Friday, May 27, 2011

Pet Peeves
I was cleaning the store room and chanced upon my high school autograph: a drawing book filled with horoscope figures and the standard autograph questions: Name, address, nickname, Define love, Pet peeves… 
Nearly a quarter of a century ago, when my friends and I filled up these pages, my major complications in life merely involved not knowing how to get my parents permission to attend an overnight party in a friend’s house. As I went through the faded entries, I realized how it easy it had been for us to pour our hearts out into the printed pages.  It was a time when we took pride in our openness. I smiled at the unembarrassed way with which we admitted our secret yearnings, as we named our crushes in between bouts of giggles, and the episodes of disappointments and misunderstandings that threatened to break our friendships.
It is an openness that slowly disappeared as we became adults. 
As adults, we became guarded and secretive.  The same peer pressure that once made us spill our secrets now required us to rein in our impulses to follow conventions.  We teach ourselves to adhere to the accepted norms of right and wrong. Out of fear of being singled out, we sometimes deny our basic truths and bury it inside us.  We turn our backs to the little voice that would have told us who we are.

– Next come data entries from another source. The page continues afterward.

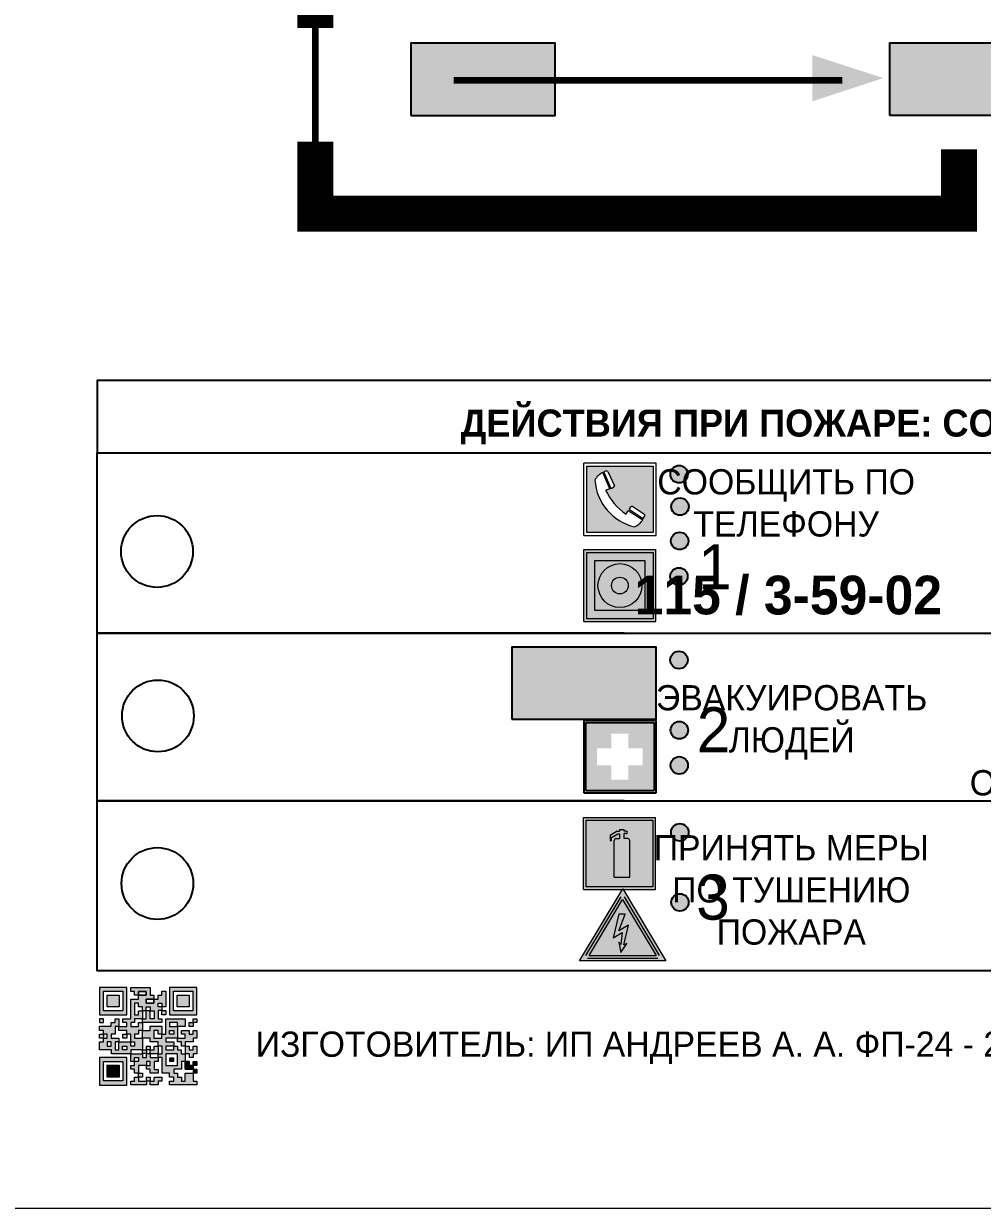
# Model space of a CAD drawing. Header units: millimetres. Extents: x 13114 to 67229, y 22859 to 38520.
# Drawn here: x 30433.5 to 30539.8, y 34765.1 to 34896.4 of the extents above; entities that cross this region are included whole.
import ezdxf

# ---------------------------------------------------------------- set-up
doc = ezdxf.new("R2010")
doc.units = ezdxf.units.MM
doc.layers.add('План_Штампы', color=7, linetype='Continuous')
doc.styles.add('обычный', font='arial.ttf')

# ---------------------------------------------------------------- blocks, each defined once
blk = doc.blocks.new('A$C3E6D3DDE')
at = {"lineweight": 5}
h = blk.add_hatch(color=40, dxfattribs=at)
h.paths.add_polyline_path([(24.1, 1.45), (16.46, -11.35), (31.74, -11.35)])
h.paths.add_polyline_path([(24.09, -0.46), (30.03, -10.41), (18.14, -10.41)], flags=16)
h.paths.add_polyline_path([(24.54, -3.08), (23.41, -6.02), (25.13, -5.01), (24.33, -8.5), (24.82, -8.27), (23.79, -9.86), (23.4, -8.04), (23.8, -8.43), (24.04, -6.29), (22.39, -7.25), (23.44, -3.08)], flags=0)
h = blk.add_hatch(color=256, dxfattribs=at)
h.paths.add_polyline_path([(24.37, 0.03, 0.567511), (23.82, 0.03), (17.59, -10.4, 0.582454), (17.86, -10.88), (30.32, -10.88, 0.582149), (30.6, -10.4)])
h.paths.add_polyline_path([(24.09, -0.46), (18.14, -10.41), (30.03, -10.41)], flags=16)
h.paths.add_polyline_path([(24.54, -3.08), (23.41, -6.02), (25.13, -5.01), (24.33, -8.5), (24.82, -8.27), (23.79, -9.86), (23.4, -8.04), (23.8, -8.43), (24.04, -6.29), (22.39, -7.25), (23.44, -3.08)], flags=0)
h = blk.add_hatch(color=40, dxfattribs=at)
h.paths.add_polyline_path([(24.09, -0.46), (18.14, -10.41), (30.03, -10.41)])
h.paths.add_polyline_path([(24.82, -8.27), (23.79, -9.86), (23.4, -8.04), (23.8, -8.43), (24.04, -6.29), (22.39, -7.25), (23.44, -3.08), (24.54, -3.08), (23.41, -6.02), (25.13, -5.01), (24.33, -8.5)], flags=16)
at = {"color": 40, "lineweight": 5}
for p, q in [((16.46, -11.35), (24.1, 1.45)), ((24.1, 1.45), (31.74, -11.35))]:
    blk.add_line(p, q, dxfattribs=at)
at = {"lineweight": 5}
for p, q in [((17.59, -10.4), (23.82, 0.03)), ((24.37, 0.03), (30.6, -10.4)), ((18.14, -10.41), (24.09, -0.46)), ((24.09, -0.46), (30.03, -10.41)), ((23.44, -3.08), (22.39, -7.25)), ((23.41, -6.02), (24.54, -3.08)), ((24.54, -3.08), (23.44, -3.08)), ((22.39, -7.25), (24.04, -6.29)), ((25.13, -5.01), (23.41, -6.02)), ((24.04, -6.29), (23.8, -8.43)), ((24.33, -8.5), (25.13, -5.01)), ((23.8, -8.43), (23.4, -8.04)), ((23.4, -8.04), (23.79, -9.86)), ((23.79, -9.86), (24.82, -8.27)), ((24.82, -8.27), (24.33, -8.5)), ((18.14, -10.41), (30.03, -10.41)), ((17.86, -10.88), (30.32, -10.88))]:
    blk.add_line(p, q, dxfattribs=at)
at = {"color": 50, "lineweight": 5}
blk.add_line((31.74, -11.35), (16.46, -11.35), dxfattribs=at)
blk = doc.blocks.new('QR')
at = {"lineweight": 0}
h = blk.add_hatch(color=256, dxfattribs=at)
h.dxf.hatch_style = 1
h.paths.add_polyline_path([(9241.16, 2687.38), (9242.01, 2687.38), (9242.01, 2687.83), (9241.59, 2687.83), (9241.59, 2688.68), (9239.45, 2688.68), (9239.45, 2688.25), (9239.86, 2688.25), (9239.86, 2687.83), (9240.29, 2687.83), (9240.29, 2688.25), (9241.16, 2688.25), (9241.16, 2687.83), (9240.29, 2687.83), (9240.29, 2687.38), (9239.45, 2687.38), (9239.45, 2685.22), (9238.57, 2685.22), (9238.57, 2684.8), (9239.02, 2684.8), (9239.02, 2684.37), (9238.13, 2684.37), (9238.13, 2683.92), (9239.02, 2683.92), (9239.02, 2683.5), (9239.44, 2683.5), (9239.44, 2682.64), (9239.87, 2682.64), (9239.87, 2682.18), (9239.44, 2682.18), (9239.44, 2682.64), (9238.13, 2682.64), (9238.13, 2681.76), (9237.71, 2681.76), (9237.71, 2682.64), (9238.13, 2682.64), (9238.13, 2683.07), (9237.27, 2683.07), (9237.27, 2683.51), (9237.71, 2683.51), (9237.71, 2684.37), (9238.13, 2684.37), (9238.13, 2685.22), (9237.71, 2685.22), (9237.71, 2684.8), (9237.28, 2684.8), (9237.28, 2684.38), (9235.98, 2684.38), (9235.98, 2683.92), (9236.4, 2683.92), (9236.4, 2683.49), (9236.84, 2683.49), (9236.84, 2683.07), (9236.4, 2683.07), (9236.4, 2682.64), (9235.98, 2682.64), (9235.98, 2681.76), (9237.29, 2681.76), (9237.29, 2681.33), (9239.43, 2681.33), (9239.43, 2681.76), (9240.74, 2681.76), (9240.74, 2683.05), (9239.87, 2683.05), (9239.87, 2683.5), (9240.29, 2683.5), (9240.29, 2683.91), (9240.74, 2683.91), (9240.74, 2684.81), (9240.29, 2684.81), (9240.29, 2684.79), (9240.29, 2684.37), (9239.45, 2684.37), (9239.45, 2684.8), (9239.87, 2684.8), (9239.87, 2685.21), (9240.74, 2685.21), (9240.74, 2686.1), (9240.29, 2686.1), (9240.29, 2685.64), (9239.86, 2685.64), (9239.86, 2686.95), (9240.29, 2686.95), (9240.29, 2686.52), (9240.74, 2686.52), (9240.74, 2686.1), (9241.16, 2686.1), (9241.16, 2686.53), (9241.59, 2686.53), (9241.59, 2686.1), (9242.02, 2686.1), (9242.02, 2685.21), (9241.59, 2685.21), (9241.59, 2686.1), (9241.16, 2686.1), (9241.16, 2685.21), (9240.74, 2685.21), (9240.74, 2684.81), (9242.89, 2684.81), (9242.89, 2685.22), (9242.47, 2685.22), (9242.47, 2686.11), (9242.89, 2686.11), (9242.89, 2686.52), (9242.46, 2686.52), (9242.46, 2686.95), (9242.89, 2686.95), (9242.89, 2686.52), (9243.32, 2686.52), (9243.32, 2688.26), (9242.9, 2688.26), (9242.9, 2687.83), (9242.47, 2687.83), (9242.47, 2687.38), (9242.01, 2687.38), (9242.01, 2686.94), (9241.16, 2686.94)])
h.paths.add_polyline_path([(9239.02, 2682.18), (9239.02, 2681.76), (9238.54, 2681.76), (9238.54, 2682.18)], flags=16)
h.paths.add_polyline_path([(9237.27, 2682.65), (9237.27, 2682.19), (9236.83, 2682.19), (9236.83, 2682.65)], flags=16)
h = blk.add_hatch(color=256, dxfattribs=at)
h.dxf.hatch_style = 1
h.paths.add_polyline_path([(9238.15, 2687.83), (9236.83, 2687.83), (9236.83, 2686.52), (9238.15, 2686.52)], flags=0)
h.paths.add_polyline_path([(9239.01, 2685.65), (9239.01, 2688.68), (9235.98, 2688.68), (9235.98, 2685.65)])
h.paths.add_polyline_path([(9236.41, 2686.1), (9236.41, 2688.26), (9238.56, 2688.26), (9238.56, 2686.1)], flags=16)
h.paths.add_polyline_path([(9236.83, 2686.52), (9236.83, 2687.83), (9238.15, 2687.83), (9238.15, 2686.52)], flags=0)
h = blk.add_hatch(color=256, dxfattribs=at)
h.dxf.hatch_style = 1
h.paths.add_polyline_path([(9238.15, 2686.52), (9238.15, 2687.83), (9236.83, 2687.83), (9236.83, 2686.52)])
h.paths.add_polyline_path([(9245.91, 2686.52), (9245.91, 2687.83), (9244.59, 2687.83), (9244.59, 2686.52)], flags=0)
h.paths.add_polyline_path([(9246.77, 2685.65), (9246.77, 2688.68), (9243.74, 2688.68), (9243.74, 2685.65)])
h.paths.add_polyline_path([(9244.17, 2686.1), (9244.17, 2688.26), (9246.32, 2688.26), (9246.32, 2686.1)], flags=16)
h.paths.add_polyline_path([(9244.59, 2686.52), (9244.59, 2687.83), (9245.91, 2687.83), (9245.91, 2686.52)], flags=0)
h = blk.add_hatch(color=256, dxfattribs=at)
h.dxf.hatch_style = 1
h.paths.add_polyline_path([(9240.75, 2681.76), (9240.75, 2681.35), (9241.17, 2681.35), (9241.17, 2681.76)])
h.paths.add_polyline_path([(9241.6, 2682.18), (9241.17, 2682.18), (9241.17, 2681.76), (9241.6, 2681.76)])
h.paths.add_polyline_path([(9242.47, 2681.34), (9242.47, 2682.19), (9242.02, 2682.19), (9242.02, 2681.76), (9241.6, 2681.76), (9241.6, 2681.34)])
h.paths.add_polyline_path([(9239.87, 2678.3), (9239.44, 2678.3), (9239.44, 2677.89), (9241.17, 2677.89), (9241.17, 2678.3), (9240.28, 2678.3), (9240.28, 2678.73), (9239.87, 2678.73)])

And in the process, we become strangers even to ourselves.
But our dark little secrets remain.  And ferment.  And as happens when something ferments, the formed bubbles create pressure, seeking relief.  And because we have lost contact with our true selves, we go about our daily lives unaware of the trapped bubbles within.
And what, we may ask, threatens the bubbles to erupt?  Pet peeves…
When we come across other people who, unlike us, acted to fulfill their desires, we find our means of relief.  Unconsciously, we see in their actions a reflection of our own hidden desires.  In them we see our hunger take form.  And since we are dealing with other people, we find it easy to get angry.  We criticize them for their deeds, and we believe ourselves when we say that we are angry for the sake of the injured party.  Yet sometimes, we may find that our anger is directed towards ourselves. 
When we point an accusing finger towards another person, our four other fingers point at us. As a child, I didn’t understand the significance of such statement.  As an adult, I can see how our accusations reveal things about us that we would have rather kept hidden. 
There are many different kinds of anger.  There is a kind of anger that is pure.  A white hot energy that seeks to correct a mistake and that can easily forgive.  And there is the anger that rises without so much provocation. 
When we pause for a while to consider the cause of our anger, we allow ourselves to receive a precious spiritual gift.  I can understand why we are told to count from one to ten before we act out our anger.  By counting, we allow enough space for our anger to dissipate.  Of course, this is easier said than done.
I have realized that one valuable insight that we can get from other people is their response when we ask them what makes them angry. For hidden in their answers is a basic truth that struggles to be free.  Our anger is so much part of us.  by listening to our anger, we listen to ourselves.